Les peuples de la mémoire. Tôt ou tard, chacun d’entre nous se pose probablement la question suivante : pourquoi suis-je comme je suis, qu’est-ce qui m’a fait choisir ma profession, comment ai-je décidé de fonder une famille avec cette personne et pas avec une autre ? L’ai-je fait consciemment ou accidentellement, par la volonté des circonstances ? Les réponses seront aussi différentes que nous le sommes…. Mais rares sont ceux qui suggèrent que l’explication doit être recherchée dans les profondeurs de l’histoire, et pas seulement dans sa propre famille.

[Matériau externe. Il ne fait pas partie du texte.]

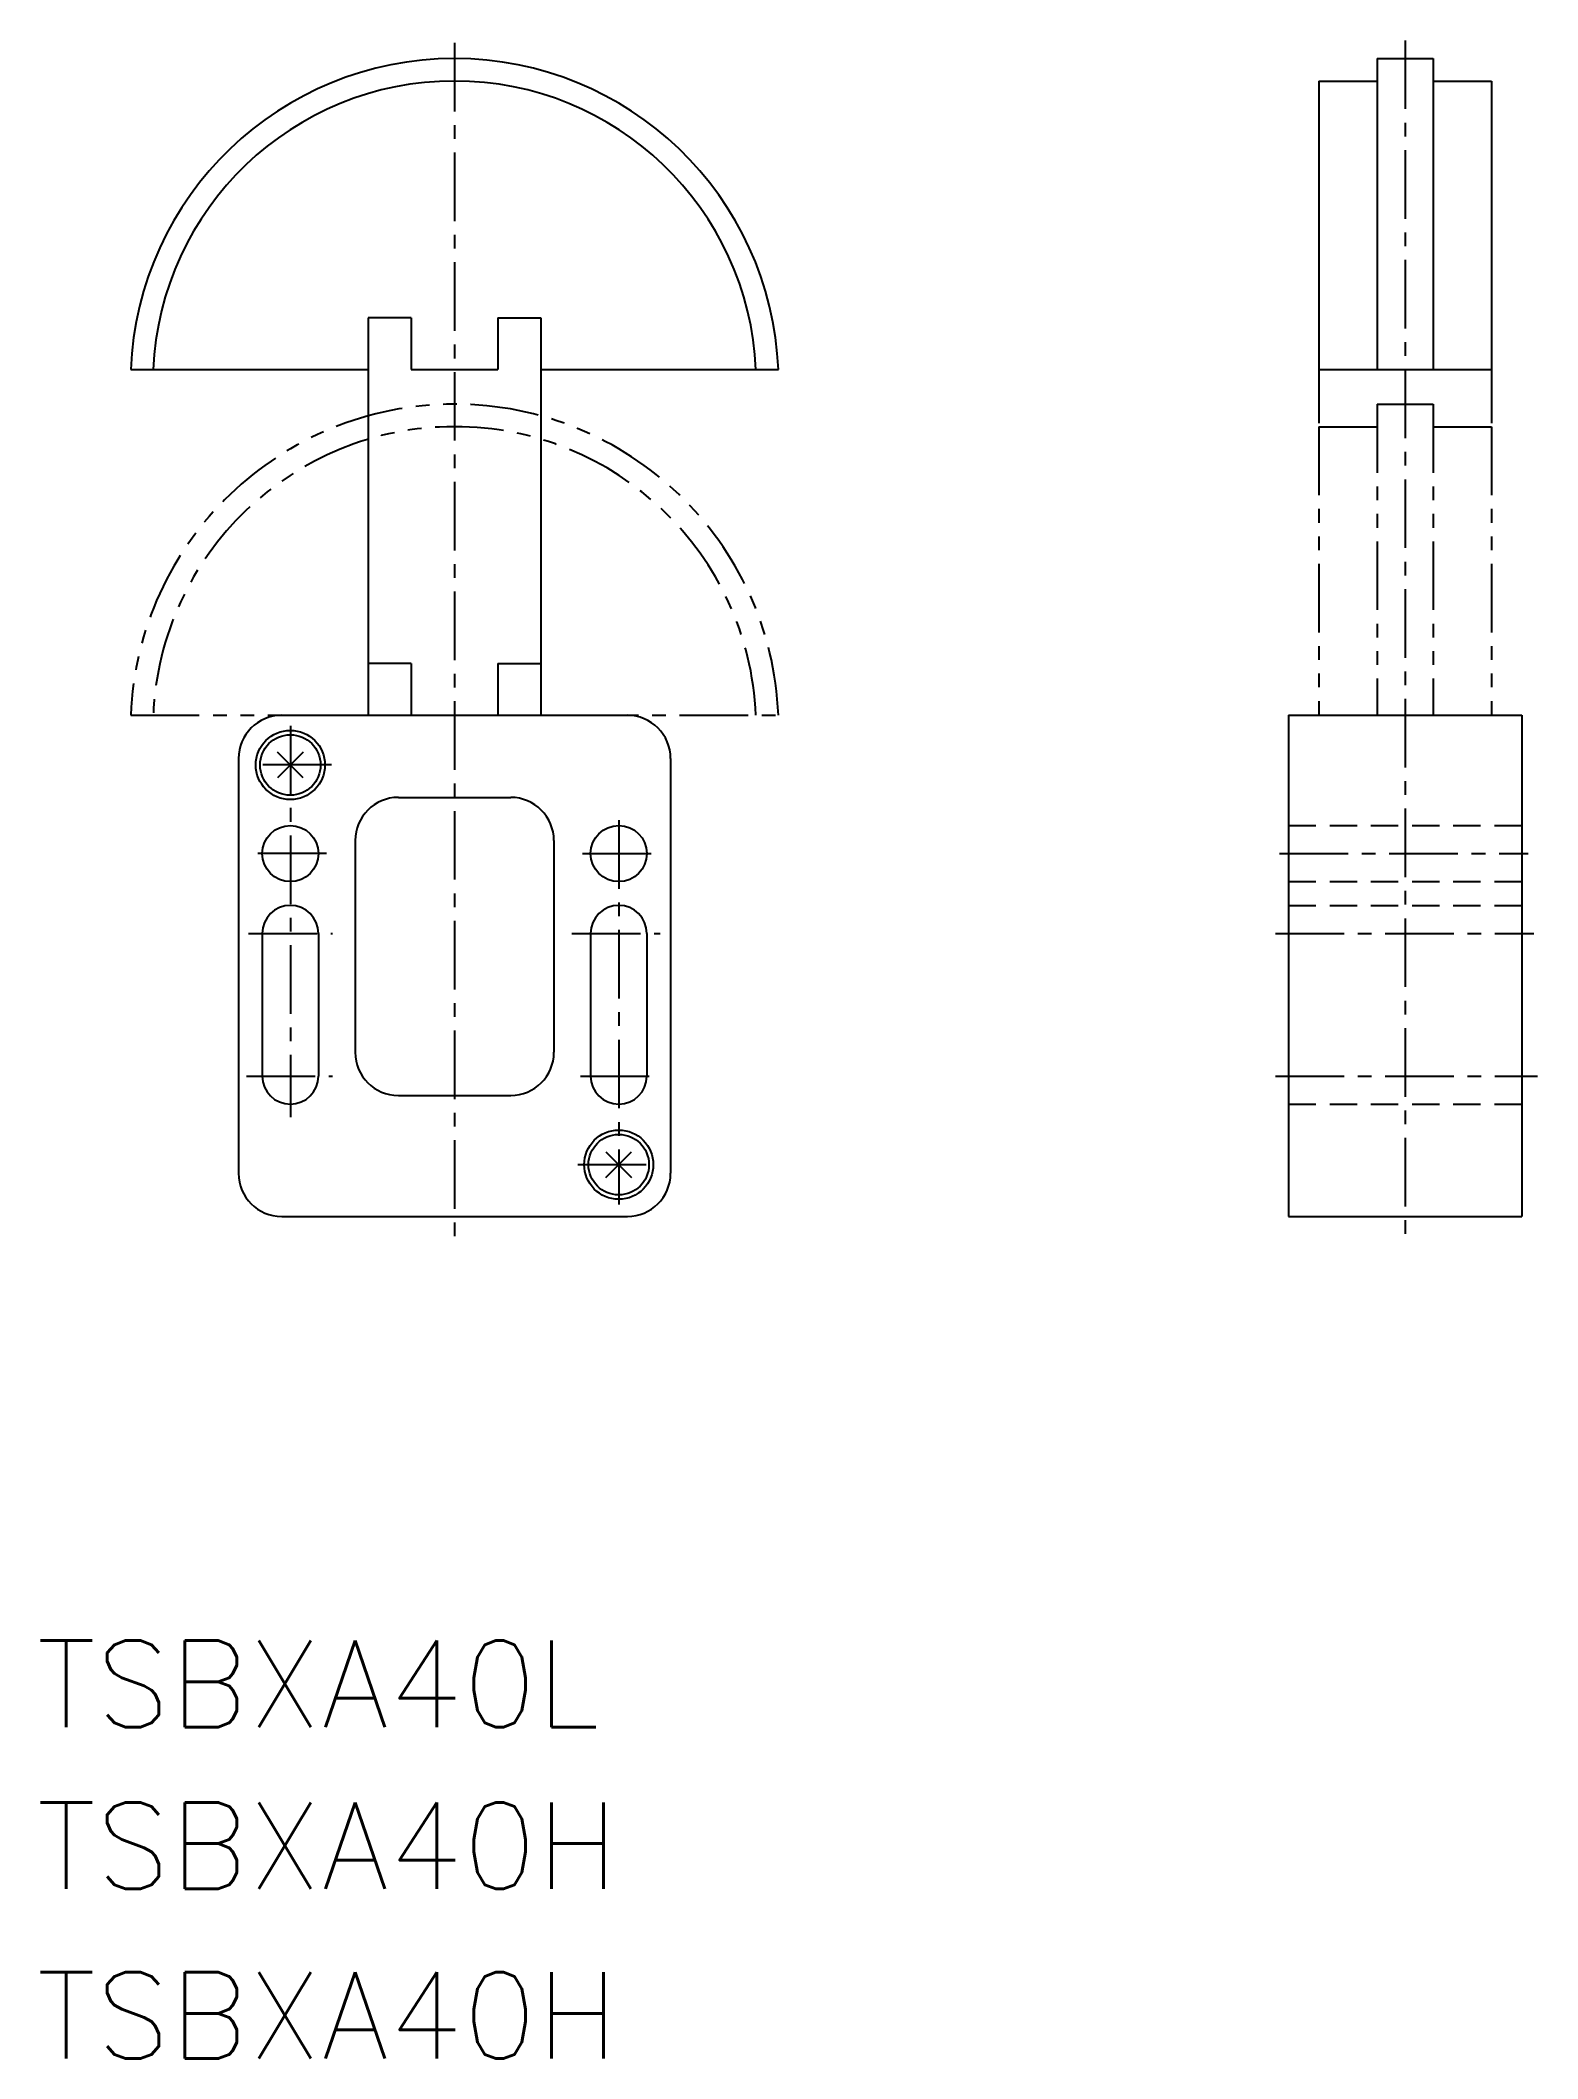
# Model space of a CAD drawing. Extents: x 46 to 219, y 28 to 262.
import ezdxf
from ezdxf.enums import TextEntityAlignment as Align

# ---------------------------------------------------------------- set-up
doc = ezdxf.new("R2010")
doc.units = 0
doc.header["$LTSCALE"] = 0.25
for name, pattern in [('CENTER', [50.8, 31.75, -6.35, 6.35, -6.35]), ('DASHED', [19.05, 12.7, -6.35]), ('PHANTOM', [63.5, 31.75, -6.35, 6.35, -6.35, 6.35, -6.35])]:
    doc.linetypes.add(name, pattern=pattern)
doc.layers.get('0').update_dxf_attribs({"linetype": 'CONTINUOUS'})
doc.layers.add('CENTER', color=1, linetype='CONTINUOUS')
doc.styles.get("Standard").update_dxf_attribs({"font": 'txt.shx', "bigfont": 'bigfont.shx'})

msp = doc.modelspace()

# ---------------------------------------------------------------- linework, layer by layer
at = {"color": 7, "linetype": 'CONTINUOUS'}
for p, q in [((200.74, 259.53), (200.74, 223.53)), ((200.74, 259.53), (207.24, 259.53)), ((207.24, 259.53), (207.24, 223.53)), ((193.99, 256.93), (193.99, 217.33)), ((193.99, 256.93), (200.74, 256.93)), ((207.24, 256.93), (213.99, 256.93)), ((213.99, 256.93), (213.99, 217.33)), ((83.99, 229.53), (83.99, 189.53)), ((88.99, 229.53), (83.99, 229.53)), ((88.99, 229.53), (88.99, 223.53)), ((98.99, 229.53), (103.99, 229.53)), ((98.99, 229.53), (98.99, 223.53)), ((103.99, 229.53), (103.99, 189.53)), ((56.52, 223.53), (83.99, 223.53)), ((88.99, 223.53), (98.99, 223.53)), ((103.99, 223.53), (131.46, 223.53)), ((193.99, 223.53), (213.99, 223.53)), ((73.99, 183.53), (113.99, 183.53)), ((190.49, 183.53), (190.49, 125.53)), ((190.49, 183.53), (217.49, 183.53)), ((217.49, 183.53), (217.49, 125.53)), ((68.99, 178.53), (68.99, 130.53)), ((76.47, 179.27), (73.5, 176.3)), ((76.47, 176.3), (73.5, 179.27)), ((118.99, 178.53), (118.99, 130.53)), ((87.49, 174.03), (100.49, 174.03)), ((82.49, 169.03), (82.49, 144.53)), ((105.49, 169.03), (105.49, 144.53)), ((71.74, 158.28), (71.74, 141.78)), ((78.24, 158.28), (78.24, 141.78)), ((109.74, 158.28), (109.74, 141.78)), ((116.24, 158.28), (116.24, 141.78)), ((87.49, 139.53), (100.49, 139.53)), ((111.5, 130.05), (114.47, 133.02)), ((111.5, 133.02), (114.47, 130.05)), ((73.99, 125.53), (113.99, 125.53)), ((190.49, 125.53), (217.49, 125.53))]:
    msp.add_line(p, q, dxfattribs=at)
at = {"color": 3, "linetype": 'PHANTOM'}
for p, q in [((200.74, 219.53), (200.74, 183.53)), ((200.74, 219.53), (207.24, 219.53)), ((207.24, 219.53), (207.24, 183.53)), ((193.99, 216.93), (193.99, 183.53)), ((193.99, 216.93), (200.74, 216.93)), ((207.24, 216.93), (213.99, 216.93)), ((213.99, 216.93), (213.99, 183.53)), ((88.99, 189.53), (83.99, 189.53)), ((83.99, 189.53), (83.99, 183.53)), ((88.99, 189.53), (88.99, 183.53)), ((98.99, 189.53), (103.99, 189.53)), ((98.99, 189.53), (98.99, 183.53)), ((103.99, 189.53), (103.99, 183.53)), ((56.52, 183.53), (131.46, 183.53))]:
    msp.add_line(p, q, dxfattribs=at)
at = {"color": 3, "linetype": 'DASHED'}
for p, q in [((190.49, 170.78), (217.49, 170.78)), ((190.49, 164.28), (217.49, 164.28)), ((190.49, 161.53), (217.49, 161.53)), ((190.49, 138.53), (217.49, 138.53))]:
    msp.add_line(p, q, dxfattribs=at)
at = {"color": 7, "linetype": 'CONTINUOUS'}
for centre, radius in [((74.99, 177.78), 4), ((74.99, 177.78), 3.5), ((74.99, 167.53), 3.25), ((112.99, 167.53), 3.25), ((112.99, 131.53), 4), ((112.99, 131.53), 3.5)]:
    msp.add_circle(centre, radius, dxfattribs=at)
for centre, radius, start, end in [((93.99, 222.03), 37.5, 2.2924, 177.7076), ((93.99, 222.03), 34.9, 2.4633, 177.5367), ((73.99, 178.53), 5, 90, 180), ((113.99, 178.53), 5, 0, 90), ((87.49, 169.03), 5, 90, 180), ((100.49, 169.03), 5, 0, 90), ((74.99, 158.28), 3.25, 0, 180), ((112.99, 158.28), 3.25, 0, 180), ((87.49, 144.53), 5, 180, 270), ((100.49, 144.53), 5, 270, 0), ((74.99, 141.78), 3.25, 180, 0), ((112.99, 141.78), 3.25, 180, 0), ((73.99, 130.53), 5, 180, 270), ((113.99, 130.53), 5, 270, 0)]:
    msp.add_arc(centre, radius, start, end, dxfattribs=at)
at = {"color": 3, "linetype": 'PHANTOM'}
for radius, start, end in [(37.5, 2.2924, 177.7076), (34.9, 2.4633, 177.5367)]:
    msp.add_arc((93.99, 182.03), radius, start, end, dxfattribs=at)
at = {"layer": 'CENTER', "linetype": 'CENTER'}
for p, q in [((203.99, 261.63), (203.99, 122.93)), ((93.99, 261.35), (93.99, 122.73)), ((74.99, 182.33), (74.99, 137.04)), ((79.74, 177.78), (70.63, 177.78)), ((112.99, 171.39), (112.99, 126.93)), ((79.18, 167.53), (70.77, 167.53)), ((108.8, 167.53), (117.21, 167.53)), ((189.45, 167.53), (218.22, 167.53)), ((70.16, 158.28), (79.88, 158.28)), ((107.56, 158.28), (117.79, 158.28)), ((188.97, 158.28), (218.88, 158.28)), ((69.91, 141.78), (79.88, 141.78)), ((108.56, 141.78), (117.29, 141.78)), ((188.97, 141.78), (219.31, 141.78)), ((108.24, 131.53), (117.35, 131.53))]:
    msp.add_line(p, q, dxfattribs=at)

# ---------------------------------------------------------------- texts
at = {"color": 7, "linetype": 'CONTINUOUS'}
for s, p in [('TSBXA40L', (45.64, 71.45)), ('TSBXA40H', (45.64, 52.73)), ('TSBXA40H', (45.64, 33.08))]:
    msp.add_text(s, height=10, dxfattribs=at).set_placement(p, align=Align.MIDDLE_LEFT)

doc.saveas('drawing.dxf')

– Nous avons découvert, et nous en sommes convaincus, qu’au sein de toute famille juive, certaines caractéristiques, certaines qualités humaines, persistent au moins pendant les siècles au cours desquels nous avons eu l’occasion de les observer », déclare Yitzhak Fuchson, bénévole et conseiller à l’Institut Am Azikaron pour le patrimoine, la culture et la généalogie juifs, créé à Tel-Aviv il y a près d’un quart de siècle, lors d’un entretien téléphonique. – Nous avons ainsi découvert que l’histoire de chaque famille présente certains schémas, tels que le choix des personnes, non pas de professions, mais de certains domaines d’activité, qui se répètent au fil des siècles. Supposons qu’un homme vivant il y a 500 ans ait mis en œuvre un programme de changements dans la société. Son descendant, vivant à notre époque, se consacre au même programme, bien que sous un aspect professionnel différent. Le plus intéressant, c’est qu’il ne semble pas y avoir de lien direct entre eux, mais qu’il existe une certaine charge génétique qui les incite à s’engager dans cette activité. Dans une famille apparaissent périodiquement des personnes extrêmement brillantes, capables de faire des découvertes ou de s’enrichir, dans une autre, des mariages rarement stables. Et quelqu’un s’attire constamment toutes sortes d’ennuis, mais reste indemne…..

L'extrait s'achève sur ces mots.